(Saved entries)
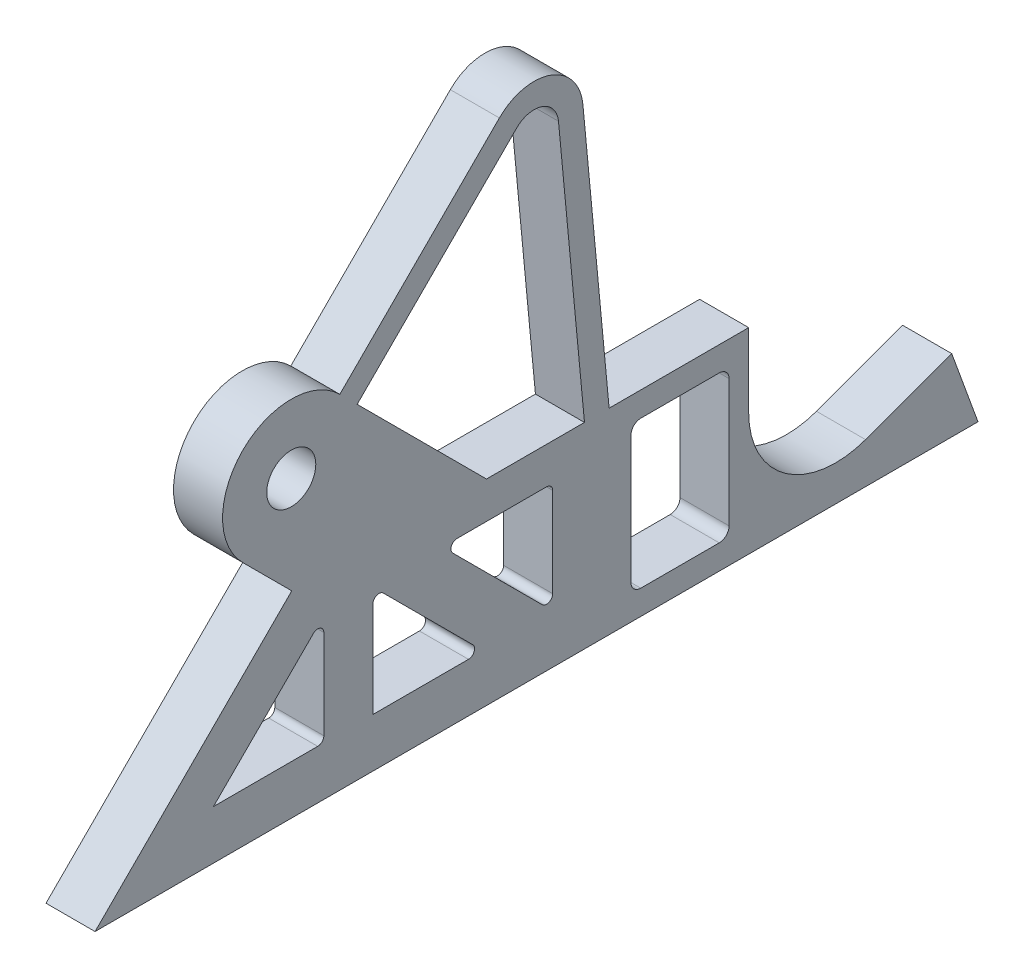
SolidWorks part; units mm, degrees
material "6061 Alloy"
ref_plane "Front Plane" through (0, 0, 0) normal (0, 0, 1) x (1, 0, 0)
ref_plane "Top Plane" through (0, 0, 0) normal (0, 1, 0) x (1, 0, 0)
ref_plane "Right Plane" through (0, 0, 0) normal (1, 0, 0) x (0, 0, -1)
sketch "Sketch1" plane through (0, 0, 0) normal (1, 0, 0) x (0, 0, -1)
  line L0 (114.3, 0) -> (-114.3, 0)
  line L1 (-114.3, 0) -> (-63.3724, 50.9276)
  line L2 (-63.3724, 50.9276) -> (-76.0724, 63.6276)
  line L3 (-50.9276, 88.7724) -> (-12.9553, 50.8)
  line L6 (114.3, 0) -> (95.8103, 50.8)
  line L8 (-12.9553, 50.8) -> (95.8103, 50.8)
  line L13 (85.18, 10.567) -> (107.4974, 18.6899)
  line L14 (54.9275, 31.75) -> (54.9275, 50.8)
  line L15 (-50.9276, 88.7724) -> (-9.6185, 130.0815)
  line L16 (18.7947, 50.8) -> (12.0049, 122.3019)
  line L17 (12.4732, 50.1997) -> (5.6834, 121.7016)
  line L18 (-46.4375, 84.2822) -> (-5.1283, 125.5914)
  arc A0 (-76.0724, 63.6276) -> (-50.9276, 88.7724) centre (-63.5, 76.2) cw
  circle A1 centre (-63.5, 76.2) radius 6.35
  circle A2 centre (77.47, 31.75) radius 22.5425
  arc A4 (12.0049, 122.3019) -> (-9.6185, 130.0815) centre (-0.6382, 121.1013) ccw
  arc A5 (5.6834, 121.7016) -> (-5.1283, 125.5914) centre (-0.6382, 121.1013) ccw
  point P4 (0, 0)
  dimension "D2" = 76.2
  dimension "D3" = 17.78
  dimension "D6" = 12.7
  dimension "D7" = 45.085
  dimension "D11" = 36.83
  dimension "D12" = 76.2
  dimension "D13" = 12.7
  dimension "D1" = 45
  dimension "D4" = 50.8
  dimension "D5" = 228.6
  dimension "D8" = 70
  dimension "D9" = 50.8
  dimension "D10" = 31.75
  dimension "D14" = 31.75
  dimension "D15" = 6.35
extrude "Boss-Extrude1" add sketch "Sketch1" along normal blind 12.7 contours A0 L2 L1 L0 L3 A1 | A5 L17 L8 L16 A4 L15 L3 L18 region at (0, 30.1646, 15.5647) region at (0, 108.6604, 29.5066)
sketch "Sketch2" plane through (12.7, 0, 0) normal (1, 0, 0) x (0, 0, -1)
  line L1 (24.4475, 44.45) -> (49.8475, 44.45)
  line L2 (24.4475, 44.45) -> (24.4475, 6.35)
  line L3 (24.4475, 6.35) -> (49.8475, 6.35)
  line L4 (49.8475, 44.45) -> (49.8475, 6.35)
  line L5 (-12.9553, 50.8) -> (12.4162, 50.8) construction
  line L6 (54.9275, 31.75) -> (54.9275, 50.8) construction
  dimension "D1" = 25.4
  dimension "D2" = 38.1
  dimension "D3" = 6.35
  dimension "D4" = 5.08
extrude "Cut-Extrude1" cut sketch "Sketch2" against normal through all
fillet "Fillet1" radius 2.54 4 edges at (6.35, 6.35, -24.4475) (6.35, 6.35, -49.8475) (6.35, 44.45, -49.8475) (6.35, 44.45, -24.4475)
sketch "Sketch3" plane through (12.7, 0, 0) normal (1, 0, 0) x (0, 0, -1)
  line L0 (-83.6395, 12.7) -> (-55.0645, 41.275)
  line L1 (-55.0645, 41.275) -> (-55.0645, 12.7)
  line L2 (-55.0645, 12.7) -> (-83.6395, 12.7)
  line L3 (-42.3645, 41.275) -> (-42.3645, 12.7)
  line L4 (-42.3645, 12.7) -> (-13.7895, 12.7)
  line L5 (-13.7895, 12.7) -> (-42.3645, 41.275)
  line L6 (-24.404, 41.275) -> (4.171, 41.275)
  line L7 (4.171, 41.275) -> (4.171, 12.7)
  line L8 (4.171, 12.7) -> (-24.404, 41.275)
  line L9 (-114.3, 0) -> (-63.3724, 50.9276) construction
  line L10 (114.3, 0) -> (-114.3, 0) construction
  line L11 (-12.9553, 50.8) -> (12.4162, 50.8) construction
  point P15 (0, 0)
  point P17 (0, 0)
  point P18 (0, 0)
  dimension "D1" = 12.7
  dimension "D2" = 12.7
  dimension "D3" = 9.525
  dimension "D5" = 12.7
  dimension "D6" = 12.7
extrude "Cut-Extrude2" cut sketch "Sketch3" against normal up to next
fillet "Fillet2" radius 1.5875 7 edges at (6.35, 12.7, 55.0645) (6.35, 12.7, 13.7895) (6.35, 12.7, -4.171) (6.35, 41.275, -4.171) (6.35, 41.275, 24.404) (6.35, 41.275, 42.3645) (6.35, 41.275, 55.0645)

# Exercise prompt
Pull out every line of the records that includes the string "edges".

# Completed task
fillet "Fillet1" radius 2.54 4 edges at (6.35, 6.35, -24.4475) (6.35, 6.35, -49.8475) (6.35, 44.45, -49.8475) (6.35, 44.45, -24.4475)
fillet "Fillet2" radius 1.5875 7 edges at (6.35, 12.7, 55.0645) (6.35, 12.7, 13.7895) (6.35, 12.7, -4.171) (6.35, 41.275, -4.171) (6.35, 41.275, 24.404) (6.35, 41.275, 42.3645) (6.35, 41.275, 55.0645)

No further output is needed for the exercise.